After choosing the ingredients comes the preparation, or mise en place. In cooking it is not speed but timing that counts, therefore allow yourself enough time to prep. A labor of love shouldn’t be rushed, and having the right measurements are key.

Finally, like a famous wrestler once said, “Excellence in execution.” Use moderate heat when cooking beef and seafood because of their delicate texture; hard vegetables should be uniform in size and blanched in boiling water to soften the texture and bring out the color. Use thick pans because it lessens the risk of food becoming tough and dry due to prolonged cooking. Tasting while cooking is just as important, to ensure you’re on track in flavor. I always remind my students that if you cannot smell the ingredients in your dish it lacks salt, as salt enhances scent as well as taste. If possible prepare a simple dessert to end the dinner on a sweet note, showcase your culinary talent and show that extra effort was made for this occasion.
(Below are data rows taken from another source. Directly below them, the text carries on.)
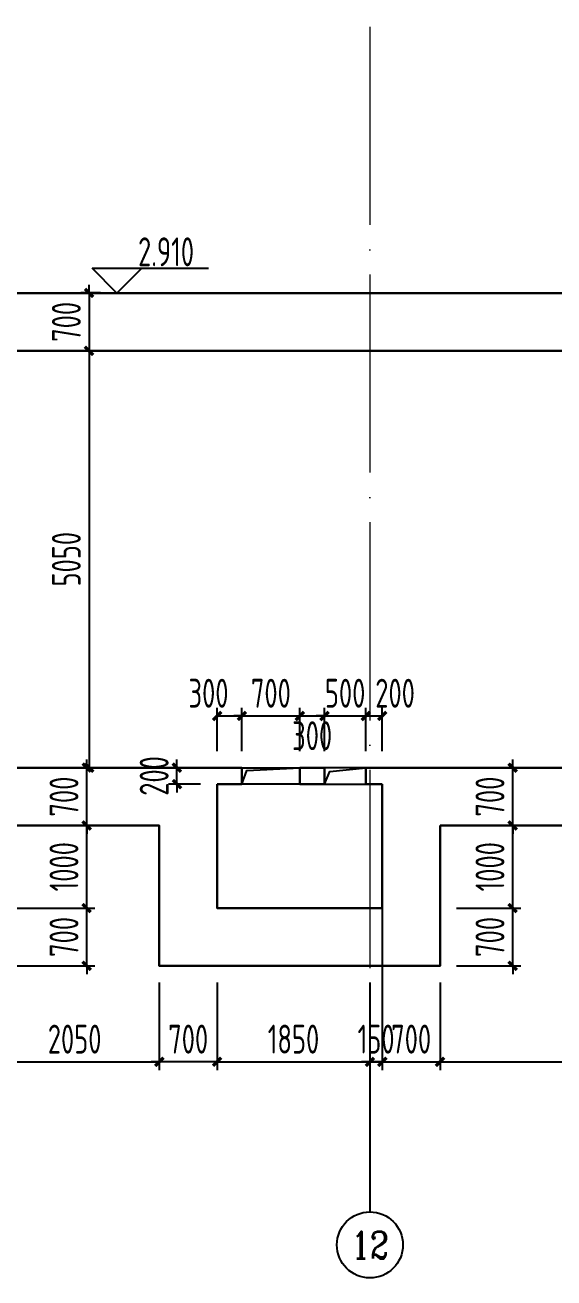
# Model space of a CAD drawing. Header units: millimetres. Extents: x -897614 to 191467, y -439928 to 101803.
# Drawn here: x -397346 to -390943, y -399296 to -384120 of the extents above; entities that cross this region are included whole.
import ezdxf
from ezdxf.enums import TextEntityAlignment as Align

# ---------------------------------------------------------------- set-up
doc = ezdxf.new("R2010")
doc.units = ezdxf.units.MM
doc.header["$LTSCALE"] = 1000
doc.linetypes.add('ACAD_ISO04W100', pattern=[30, 24, -3, 0, -3])
for name, color, linetype in [('AXIS', 3, 'Continuous'), ('DIM_ELEV', 3, 'Continuous'), ('DIM_LEAD', 3, 'Continuous'), ('KD', 7, 'Continuous')]:
    doc.layers.add(name, color=color, linetype=linetype)
for name, color, linetype, lineweight in [('AXIS_TEXT', 7, 'Continuous', 18), ('DOTE', 8, 'ACAD_ISO04W100', 9), ('WALL', 6, 'Continuous', 30)]:
    doc.layers.add(name, color=color, linetype=linetype, lineweight=lineweight)
doc.styles.add('_TCH_AXIS', font='COMPLEX', dxfattribs={"bigfont": 'GBCBIG'})
doc.styles.add('COMPLEX', font='COMPLEX')
doc.styles.add('TSSD', font='tssdeng.shx', dxfattribs={"width": 0.7, "bigfont": 'tssdchn.shx'})
doc.dimstyles.new('TSD', dxfattribs={"dimtxt": 350, "dimasz": 100, "dimexe": 100, "dimexo": 200, "dimgap": 100, "dimtad": 1, "dimdec": 0, "dimzin": 0, "dimdsep": 46, "dimtxsty": 'TSSD', "dimblk": 'ARCHTICK', "dimcen": 0.09, "dimclrt": 7, "dimazin": 2, "dimtfac": 1, "dimtdec": 0, "dimtix": 1, "dimtmove": 2, "dimatfit": 3, "dimfxl": 0, "dimtolj": 1, "dimtzin": 0, "dimarcsym": 0})

# ---------------------------------------------------------------- blocks, each defined once
blk = doc.blocks.new('_axiso')
blk.add_circle((0, 0), 0.5)
at = {"layer": 'AXIS_TEXT', "style": 'COMPLEX', "width": 1.041667}
blk.add_attdef('A', text='', height=0.56, dxfattribs=at).set_placement((-0.25, -0.28), (0.25, -0.28), align=Align.FIT)
blk = doc.blocks.new('_ArchTick')
at = {"color": 0, "linetype": 'ByBlock', "const_width": 0.4}
blk.add_lwpolyline([(-0.5, -0.5), (0.5, 0.5)], dxfattribs=at)
blk = doc.blocks.new('*D1278')
at = {"layer": 'Defpoints', "color": 0, "transparency": 16777216}
for p in [(-397771, -395515), (-395721, -395515), (-395721, -396678)]:
    blk.add_point(p, dxfattribs=at)
at = {"layer": 'DIM_LEAD', "color": 0, "lineweight": -2, "transparency": 16777216}
for p, q in [((-397771, -395715), (-397771, -396778)), ((-395721, -395715), (-395721, -396778)), ((-397771, -396678), (-395721, -396678))]:
    blk.add_line(p, q, dxfattribs=at)
at = {"layer": 'DIM_LEAD', "color": 0, "lineweight": -2, "transparency": 16777216, "xscale": 100, "yscale": 100, "zscale": 100, "rotation": 180}
blk.add_blockref('_ArchTick', (-397771, -396678), dxfattribs=at)
at = {"layer": 'DIM_LEAD', "color": 0, "lineweight": -2, "transparency": 16777216, "xscale": 100, "yscale": 100, "zscale": 100}
blk.add_blockref('_ArchTick', (-395721, -396678), dxfattribs=at)
at = {"layer": 'DIM_LEAD', "color": 7, "transparency": 16777216, "insert": (-396746, -396403), "char_height": 350, "attachment_point": 5, "style": 'TSSD'}
blk.add_mtext('\\A1;2050', dxfattribs=at)
blk = doc.blocks.new('*D1279')
at = {"layer": 'Defpoints', "color": 0, "transparency": 16777216}
for p in [(-395021, -395515, 0), (-393171, -395515, 0), (-393171, -396678)]:
    blk.add_point(p, dxfattribs=at)
at = {"layer": 'DIM_LEAD', "color": 0, "lineweight": -2, "transparency": 16777216}
for p, q in [((-395021, -395715), (-395021, -396778)), ((-393171, -395715), (-393171, -396778)), ((-395021, -396678), (-393171, -396678))]:
    blk.add_line(p, q, dxfattribs=at)
at = {"layer": 'DIM_LEAD', "color": 0, "lineweight": -2, "transparency": 16777216, "xscale": 100, "yscale": 100, "zscale": 100, "rotation": 180}
blk.add_blockref('_ArchTick', (-395021, -396678), dxfattribs=at)
at = {"layer": 'DIM_LEAD', "color": 0, "lineweight": -2, "transparency": 16777216, "xscale": 100, "yscale": 100, "zscale": 100}
blk.add_blockref('_ArchTick', (-393171, -396678), dxfattribs=at)
at = {"layer": 'DIM_LEAD', "color": 7, "transparency": 16777216, "insert": (-394096, -396403), "char_height": 350, "attachment_point": 5, "style": 'TSSD'}
blk.add_mtext('\\A1;1850', dxfattribs=at)
blk = doc.blocks.new('*D1280')
at = {"layer": 'Defpoints', "color": 0, "transparency": 16777216}
for p in [(-393021, -393815, 0), (-393171, -395515, 0), (-393171, -396678)]:
    blk.add_point(p, dxfattribs=at)
at = {"layer": 'DIM_LEAD', "color": 0, "lineweight": -2, "transparency": 16777216}
for p, q in [((-393021, -394015), (-393021, -396778)), ((-393171, -395715), (-393171, -396778)), ((-393171, -396678), (-393271, -396678)), ((-393021, -396678), (-393171, -396678)), ((-393021, -396678), (-392921, -396678))]:
    blk.add_line(p, q, dxfattribs=at)
at = {"layer": 'DIM_LEAD', "color": 0, "lineweight": -2, "transparency": 16777216, "xscale": 100, "yscale": 100, "zscale": 100}
blk.add_blockref('_ArchTick', (-393171, -396678), dxfattribs=at)
at = {"layer": 'DIM_LEAD', "color": 0, "lineweight": -2, "transparency": 16777216, "xscale": 100, "yscale": 100, "zscale": 100, "rotation": 180}
blk.add_blockref('_ArchTick', (-393021, -396678), dxfattribs=at)
at = {"layer": 'DIM_LEAD', "color": 7, "transparency": 16777216, "insert": (-393096, -396403), "char_height": 350, "attachment_point": 5, "style": 'TSSD'}
blk.add_mtext('\\A1;150', dxfattribs=at)
blk = doc.blocks.new('*D1281')
at = {"layer": 'Defpoints', "color": 0, "transparency": 16777216}
for p in [(-393171, -395515, 0), (-393021, -395515, 0), (-393021, -396678)]:
    blk.add_point(p, dxfattribs=at)
at = {"layer": 'DIM_LEAD', "color": 0, "lineweight": -2, "transparency": 16777216}
for p, q in [((-393171, -395715), (-393171, -396778)), ((-393021, -395715), (-393021, -396778)), ((-393171, -396678), (-393271, -396678)), ((-393171, -396678), (-393021, -396678)), ((-393021, -396678), (-392921, -396678))]:
    blk.add_line(p, q, dxfattribs=at)
at = {"layer": 'DIM_LEAD', "color": 0, "lineweight": -2, "transparency": 16777216, "xscale": 100, "yscale": 100, "zscale": 100}
blk.add_blockref('_ArchTick', (-393171, -396678), dxfattribs=at)
at = {"layer": 'DIM_LEAD', "color": 0, "lineweight": -2, "transparency": 16777216, "xscale": 100, "yscale": 100, "zscale": 100, "rotation": 180}
blk.add_blockref('_ArchTick', (-393021, -396678), dxfattribs=at)
at = {"layer": 'DIM_LEAD', "color": 7, "transparency": 16777216, "insert": (-393096, -396403), "char_height": 350, "attachment_point": 5, "style": 'TSSD'}
blk.add_mtext('\\A1;150', dxfattribs=at)
blk = doc.blocks.new('*D1282')
at = {"layer": 'Defpoints', "color": 0, "transparency": 16777216}
for p in [(-393021, -395515, 0), (-392321, -395515, 0), (-392321, -396678)]:
    blk.add_point(p, dxfattribs=at)
at = {"layer": 'DIM_LEAD', "color": 0, "lineweight": -2, "transparency": 16777216}
for p, q in [((-393021, -395715), (-393021, -396778)), ((-392321, -395715), (-392321, -396778)), ((-393021, -396678), (-393121, -396678)), ((-393021, -396678), (-392321, -396678)), ((-392321, -396678), (-392221, -396678))]:
    blk.add_line(p, q, dxfattribs=at)
at = {"layer": 'DIM_LEAD', "color": 0, "lineweight": -2, "transparency": 16777216, "xscale": 100, "yscale": 100, "zscale": 100}
blk.add_blockref('_ArchTick', (-393021, -396678), dxfattribs=at)
at = {"layer": 'DIM_LEAD', "color": 0, "lineweight": -2, "transparency": 16777216, "xscale": 100, "yscale": 100, "zscale": 100, "rotation": 180}
blk.add_blockref('_ArchTick', (-392321, -396678), dxfattribs=at)
at = {"layer": 'DIM_LEAD', "color": 7, "transparency": 16777216, "insert": (-392671, -396403), "char_height": 350, "attachment_point": 5, "style": 'TSSD'}
blk.add_mtext('\\A1;700', dxfattribs=at)
blk = doc.blocks.new('*D1283')
at = {"layer": 'Defpoints', "color": 0, "transparency": 16777216}
for p in [(-381851, -393815, 0), (-392321, -395515, 0), (-381851, -396678)]:
    blk.add_point(p, dxfattribs=at)
at = {"layer": 'DIM_LEAD', "color": 0, "lineweight": -2, "transparency": 16777216}
for p, q in [((-381851, -394015), (-381851, -396778)), ((-392321, -395715), (-392321, -396778)), ((-392321, -396678), (-381851, -396678))]:
    blk.add_line(p, q, dxfattribs=at)
at = {"layer": 'DIM_LEAD', "color": 0, "lineweight": -2, "transparency": 16777216, "xscale": 100, "yscale": 100, "zscale": 100, "rotation": 180}
blk.add_blockref('_ArchTick', (-392321, -396678), dxfattribs=at)
at = {"layer": 'DIM_LEAD', "color": 0, "lineweight": -2, "transparency": 16777216, "xscale": 100, "yscale": 100, "zscale": 100}
blk.add_blockref('_ArchTick', (-381851, -396678), dxfattribs=at)
at = {"layer": 'DIM_LEAD', "color": 7, "transparency": 16777216, "insert": (-387086, -396403), "char_height": 350, "attachment_point": 5, "style": 'TSSD'}
blk.add_mtext('\\A1;10470', dxfattribs=at)
blk = doc.blocks.new('*D1297')
at = {"layer": 'Defpoints', "color": 0, "transparency": 16777216}
for p in [(-397771, -394815), (-396600, -394815), (-397771, -395515)]:
    blk.add_point(p, dxfattribs=at)
at = {"layer": 'DIM_LEAD', "color": 0, "lineweight": -2, "transparency": 16777216}
for p, q in [((-396600, -394815), (-396600, -394715)), ((-397571, -394815), (-396500, -394815)), ((-396600, -395515), (-396600, -394815)), ((-397571, -395515), (-396500, -395515)), ((-396600, -395515), (-396600, -395615))]:
    blk.add_line(p, q, dxfattribs=at)
at = {"layer": 'DIM_LEAD', "color": 0, "lineweight": -2, "transparency": 16777216, "xscale": 100, "yscale": 100, "zscale": 100}
for p, rotation in [((-396600, -394815), 270), ((-396600, -395515), 90)]:
    blk.add_blockref('_ArchTick', p, dxfattribs=dict(at, rotation=rotation))
at = {"layer": 'DIM_LEAD', "color": 7, "transparency": 16777216, "insert": (-396875, -395165), "char_height": 350, "attachment_point": 5, "rotation": 90, "style": 'TSSD'}
blk.add_mtext('\\A1;700', dxfattribs=at)
blk = doc.blocks.new('*D1298')
at = {"layer": 'Defpoints', "color": 0, "transparency": 16777216}
for p in [(-397771, -393815, 0), (-396600, -393815), (-397771, -394815)]:
    blk.add_point(p, dxfattribs=at)
at = {"layer": 'DIM_LEAD', "color": 0, "lineweight": -2, "transparency": 16777216}
for p, q in [((-397571, -393815), (-396500, -393815)), ((-396600, -394815), (-396600, -393815)), ((-397571, -394815), (-396500, -394815))]:
    blk.add_line(p, q, dxfattribs=at)
at = {"layer": 'DIM_LEAD', "color": 0, "lineweight": -2, "transparency": 16777216, "xscale": 100, "yscale": 100, "zscale": 100}
for p, rotation in [((-396600, -393815), 90), ((-396600, -394815), 270)]:
    blk.add_blockref('_ArchTick', p, dxfattribs=dict(at, rotation=rotation))
at = {"layer": 'DIM_LEAD', "color": 7, "transparency": 16777216, "insert": (-396875, -394315), "char_height": 350, "attachment_point": 5, "rotation": 90, "style": 'TSSD'}
blk.add_mtext('\\A1;1000', dxfattribs=at)
blk = doc.blocks.new('*D1299')
at = {"layer": 'Defpoints', "color": 0, "transparency": 16777216}
for p in [(-398171, -393115, 0), (-396600, -393115), (-397771, -393815, 0)]:
    blk.add_point(p, dxfattribs=at)
at = {"layer": 'DIM_LEAD', "color": 0, "lineweight": -2, "transparency": 16777216}
for p, q in [((-396600, -393115), (-396600, -393015)), ((-397971, -393115), (-396500, -393115)), ((-396600, -393815), (-396600, -393115)), ((-397571, -393815), (-396500, -393815)), ((-396600, -393815), (-396600, -393915))]:
    blk.add_line(p, q, dxfattribs=at)
at = {"layer": 'DIM_LEAD', "color": 0, "lineweight": -2, "transparency": 16777216, "xscale": 100, "yscale": 100, "zscale": 100}
for p, rotation in [((-396600, -393115), 270), ((-396600, -393815), 90)]:
    blk.add_blockref('_ArchTick', p, dxfattribs=dict(at, rotation=rotation))
at = {"layer": 'DIM_LEAD', "color": 7, "transparency": 16777216, "insert": (-396875, -393465), "char_height": 350, "attachment_point": 5, "rotation": 90, "style": 'TSSD'}
blk.add_mtext('\\A1;700', dxfattribs=at)
blk = doc.blocks.new('*D1300')
at = {"layer": 'Defpoints', "color": 0, "transparency": 16777216}
for p in [(-392321, -394815, 0), (-391442, -394815), (-392321, -395515, 0)]:
    blk.add_point(p, dxfattribs=at)
at = {"layer": 'DIM_LEAD', "color": 0, "lineweight": -2, "transparency": 16777216}
for p, q in [((-391442, -394815), (-391442, -394715)), ((-392121, -394815), (-391342, -394815)), ((-391442, -395515), (-391442, -394815)), ((-392121, -395515), (-391342, -395515)), ((-391442, -395515), (-391442, -395615))]:
    blk.add_line(p, q, dxfattribs=at)
at = {"layer": 'DIM_LEAD', "color": 0, "lineweight": -2, "transparency": 16777216, "xscale": 100, "yscale": 100, "zscale": 100}
for p, rotation in [((-391442, -394815), 270), ((-391442, -395515), 90)]:
    blk.add_blockref('_ArchTick', p, dxfattribs=dict(at, rotation=rotation))
at = {"layer": 'DIM_LEAD', "color": 7, "transparency": 16777216, "insert": (-391717, -395165), "char_height": 350, "attachment_point": 5, "rotation": 90, "style": 'TSSD'}
blk.add_mtext('\\A1;700', dxfattribs=at)
blk = doc.blocks.new('*D1301')
at = {"layer": 'Defpoints', "color": 0, "transparency": 16777216}
for p in [(-392321, -393815, 0), (-391442, -393815), (-392321, -394815, 0)]:
    blk.add_point(p, dxfattribs=at)
at = {"layer": 'DIM_LEAD', "color": 0, "lineweight": -2, "transparency": 16777216}
for p, q in [((-392121, -393815), (-391342, -393815)), ((-391442, -394815), (-391442, -393815)), ((-392121, -394815), (-391342, -394815))]:
    blk.add_line(p, q, dxfattribs=at)
at = {"layer": 'DIM_LEAD', "color": 0, "lineweight": -2, "transparency": 16777216, "xscale": 100, "yscale": 100, "zscale": 100}
for p, rotation in [((-391442, -393815), 90), ((-391442, -394815), 270)]:
    blk.add_blockref('_ArchTick', p, dxfattribs=dict(at, rotation=rotation))
at = {"layer": 'DIM_LEAD', "color": 7, "transparency": 16777216, "insert": (-391717, -394315), "char_height": 350, "attachment_point": 5, "rotation": 90, "style": 'TSSD'}
blk.add_mtext('\\A1;1000', dxfattribs=at)
blk = doc.blocks.new('*D1302')
at = {"layer": 'Defpoints', "color": 0, "transparency": 16777216}
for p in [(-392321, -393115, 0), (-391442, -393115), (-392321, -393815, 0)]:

Finally, plating is the preparation where your personal style and creativity come into play. A student once said she had no artistic talent in plating, so I advised her to look at cookbooks and magazines to get ideas. Simple dishes require simple plates, but if you have a colorful personality be playful. What is important is you are comfortable and confident about the dish you are serving. Besides, presentation is a reflection of who you are. Be attentive to details and wipe off smudges and spatter. Harriet Van Horne once said, “Cooking is like love; it should be entered into with abandon or not at all.”